Ces tutoriels sont postés par des agriculteurs en Indonésie, en Inde, au Brésil, et le langage n’est pas une barrière, disent-elles. En fait, elles se contentent de voir les images de ces tutoriels techniques qui leur montrent comment procéder. Ainsi, l’application YouTube est devenue un outil pédagogique d’importance pour ces femmes.

6/Parlez-nous du fonds d’investissement Save. Comment en être bénéficiaire ? Quels sont les pays concernés par ce fonds d’investissement ?

« SAVE » Support to African Vulnerable Entrepreneurs est un fond d’investissement d’impact socialement responsable. Il est dédié aux femmes porteuses de projets mais qui n’ont ni capital, ni garantie pour lever du financement au stade initial.

À date d’aujourd’hui, ce profil correspond à 99% des demandes de porteuses de projet au sein d’AWEP Cameroun.

Le principe de fonctionnement de ce fonds d’impact est basé sur 4 piliers qui sont :

  • la sélection des projets au travers du concours AWEP Awards selon des critères spécifiques tels que la pertinence et la rentabilité économique du projet, l’impact social. L’impact environnemental pour ne citer que ceux-là.
  • l’accompagnement des femmes entrepreneures sélectionnées à travers des formations, dont certains donnant accès à des certifications garantissant une bonne compréhension du parcours entrepreneurial, suivi par la présentation d’un projet bancable.
  • le financement des projets par la prise de participation ou par des prêts
  • le suivi des projets par un pool d’experts s’assurant que le projet atteint les objectifs visés et que les prêts soient remboursés en temps et en heure.

Pour le moment, le fonds SAVE était focalisé sur les entrepreneures camerounaises. Actuellement, nous travaillons à la mise en place de ce fonds dans toute l’Afrique Centrale. Puis, pourquoi pas l’étendre sur l’ensemble des pays ou AWEP est représentée.

Nous comptons par exemple déjà étendre le processus de sélection des projets hors des frontières camerounaises et rendre le concours de l’AWEP Award accessible aux femmes des pays de la CEMAC

7/ Votre mot de la fin.

L’aventure entrepreneuriale est un engagement de longue haleine requérant patience, endurance, persévérance et surtout beaucoup de passion.
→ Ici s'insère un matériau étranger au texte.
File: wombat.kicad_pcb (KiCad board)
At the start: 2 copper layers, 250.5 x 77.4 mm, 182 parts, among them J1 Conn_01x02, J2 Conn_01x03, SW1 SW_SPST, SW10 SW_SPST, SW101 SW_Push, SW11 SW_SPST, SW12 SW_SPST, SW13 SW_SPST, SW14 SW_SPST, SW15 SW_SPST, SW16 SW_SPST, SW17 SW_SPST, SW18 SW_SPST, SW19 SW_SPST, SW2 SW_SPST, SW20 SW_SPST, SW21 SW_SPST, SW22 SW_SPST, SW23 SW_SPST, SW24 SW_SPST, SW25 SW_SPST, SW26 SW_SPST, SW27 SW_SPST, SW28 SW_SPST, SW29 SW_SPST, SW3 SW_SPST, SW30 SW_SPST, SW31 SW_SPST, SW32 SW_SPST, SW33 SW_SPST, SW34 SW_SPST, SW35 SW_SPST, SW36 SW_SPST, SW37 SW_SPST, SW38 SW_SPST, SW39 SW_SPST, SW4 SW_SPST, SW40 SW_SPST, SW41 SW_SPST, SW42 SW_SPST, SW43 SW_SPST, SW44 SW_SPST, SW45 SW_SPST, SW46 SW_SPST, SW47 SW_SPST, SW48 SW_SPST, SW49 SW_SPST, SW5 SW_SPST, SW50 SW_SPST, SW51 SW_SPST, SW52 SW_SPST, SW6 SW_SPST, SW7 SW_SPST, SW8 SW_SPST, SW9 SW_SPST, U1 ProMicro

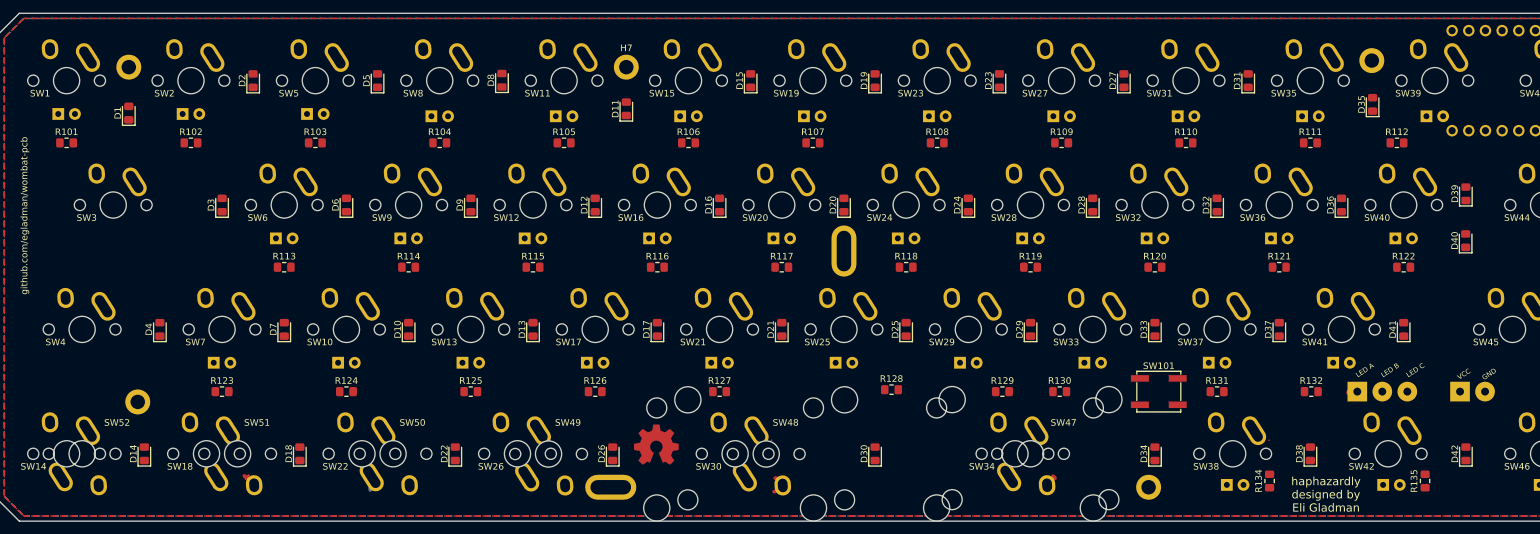
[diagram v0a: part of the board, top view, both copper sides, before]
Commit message: clean up silkscreen
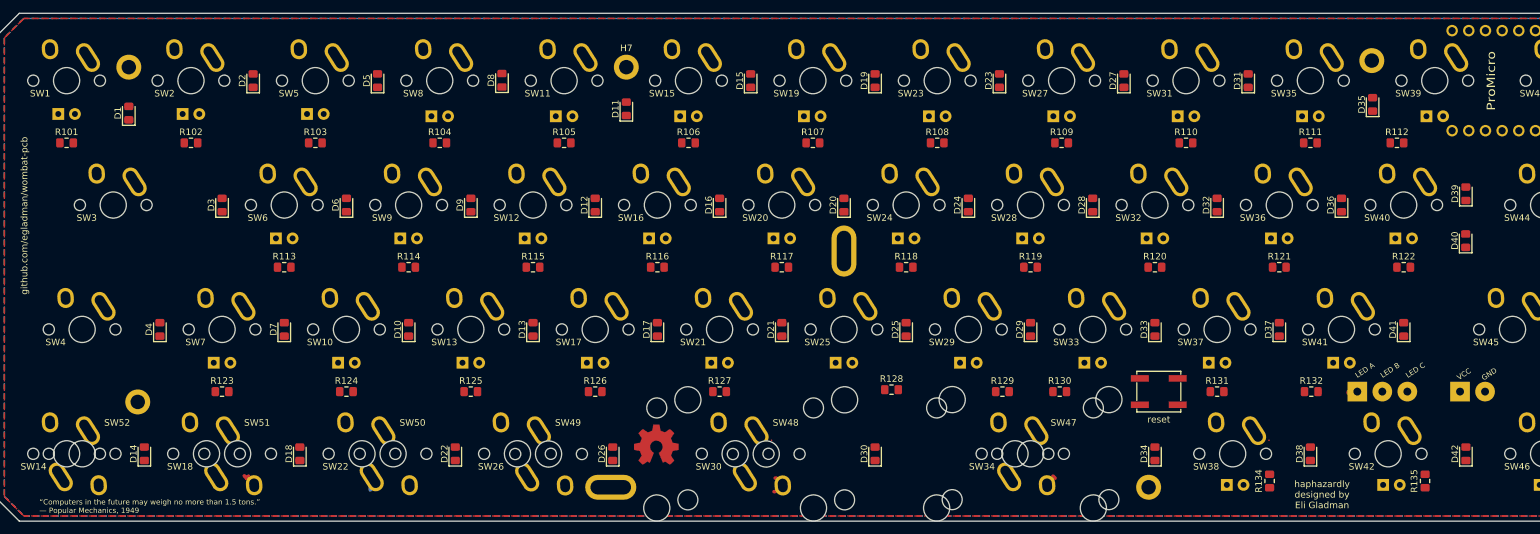
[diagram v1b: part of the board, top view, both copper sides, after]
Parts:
- SW101: value SW_Push -> reset
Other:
- board text added: "“Computers in the future may weigh no more than 1.5 tons.” — Popular Mechanics, 1949"
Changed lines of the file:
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@@
   (general
     (thickness 1.6)
-    (drawings 30)
+    (drawings 31)
     (tracks 23)
     (zones 0)
@@
     (descr "Light Touch Switch, https://industrial.panasonic.com/cdbs/www-data/pdf/ATK0000/ATK0000CE28.pdf")
     (attr smd)
-    (fp_text reference SW101 (at 0 -3.9) (layer F.SilkS)
+    (fp_text reference SW101 (at 0 -3.9) (layer F.SilkS) hide
       (effects (font (size 1 1) (thickness 0.15)))
     )
-    (fp_text value SW_Push (at 0 4.25) (layer F.Fab) hide
+    (fp_text value reset (at 0 4.25) (layer F.SilkS)
       (effects (font (size 1 1) (thickness 0.15)))
     )
@@
       (effects (font (size 1.27 1.524) (thickness 0.2032)) (justify mirror))
     )
-    (fp_text value ProMicro (at 9.5628 -0.0381 90) (layer F.SilkS) hide
+    (fp_text value ProMicro (at 8.024695 -0.0381 90) (layer F.SilkS)
       (effects (font (size 1.27 1.524) (thickness 0.2032)))
     )
@@
     )
   )
+  (gr_text "“Computers in the future may weigh no more than 1.5 tons.”\n— Popular Mechanics, 1949" (at 28.422624 136.783878) (layer F.SilkS)
+    (effects (font (size 0.8 0.8) (thickness 0.15)) (justify left))
+  )
   (gr_text "LED A" (at 230.341682 116.059048 33) (layer F.SilkS)
-    (effects (font (size 0.75 0.75) (thickness 0.15)))
+    (effects (font (size 0.8 0.8) (thickness 0.15)))
   )
   (gr_text "LED B" (at 234.190579 116.059048 33) (layer F.SilkS)
-    (effects (font (size 0.75 0.75) (thickness 0.15)))
+    (effects (font (size 0.8 0.8) (thickness 0.15)))
   )
   (gr_text "LED C\n" (at 238.039476 116.059048 33) (layer F.SilkS)
-    (effects (font (size 0.75 0.75) (thickness 0.15)))
+    (effects (font (size 0.8 0.8) (thickness 0.15)))
   )
   (gr_text GND (at 249.290098 116.651186 33) (layer F.SilkS)
-    (effects (font (size 0.75 0.75) (thickness 0.15)))
+    (effects (font (size 0.8 0.8) (thickness 0.15)))
   )
   (gr_text VCC (at 245.441201 116.651186 33) (layer F.SilkS)
-    (effects (font (size 0.75 0.75) (thickness 0.15)))
+    (effects (font (size 0.8 0.8) (thickness 0.15)))
   )
   (dimension 3.0988 (width 0.15) (layer Dwgs.User)
@@
   (gr_line (start 270.222662 82.203767) (end 272.840262 82.203767) (layer Edge.Cuts) (width 0.05))
   (gr_line (start 272.840262 61.683107) (end 25.366662 61.683107) (layer Edge.Cuts) (width 0.05))
-  (gr_text "haphazardly\ndesigned by\nEli Gladman" (at 224.420302 135.007464) (layer F.SilkS)
-    (effects (font (size 1.25 1.25) (thickness 0.3)))
+  (gr_text "haphazardly\ndesigned by\nEli Gladman" (at 223.828164 135.007464) (layer F.SilkS)
+    (effects (font (size 1 1) (thickness 0.2)))
   )
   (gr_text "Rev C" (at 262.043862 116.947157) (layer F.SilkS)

Certains s’y préparent à travers leurs études, mais je pense que pour la plupart, être entrepreneur est un état d’esprit que l’on porte en soi. La majorité des femmes sont des entrepreneures nées, du simple fait d’être femme.

En effet, particulièrement dans nos foyers africains, c’est à la femme que revient la responsabilité de la gestion de l’argent de la maison. Elle fait les courses, elle paye les factures, elle fait le ménage, la cuisine, prépare les enfants pour l’école, et s’occupe de son mari.

Toutes ces choses impliquent une parfaite gestion non seulement de l’argent, mais également du temps et des émotions.

Argent, temps, émotions, notions toutes très familières aux entrepreneurs les plus aguerris.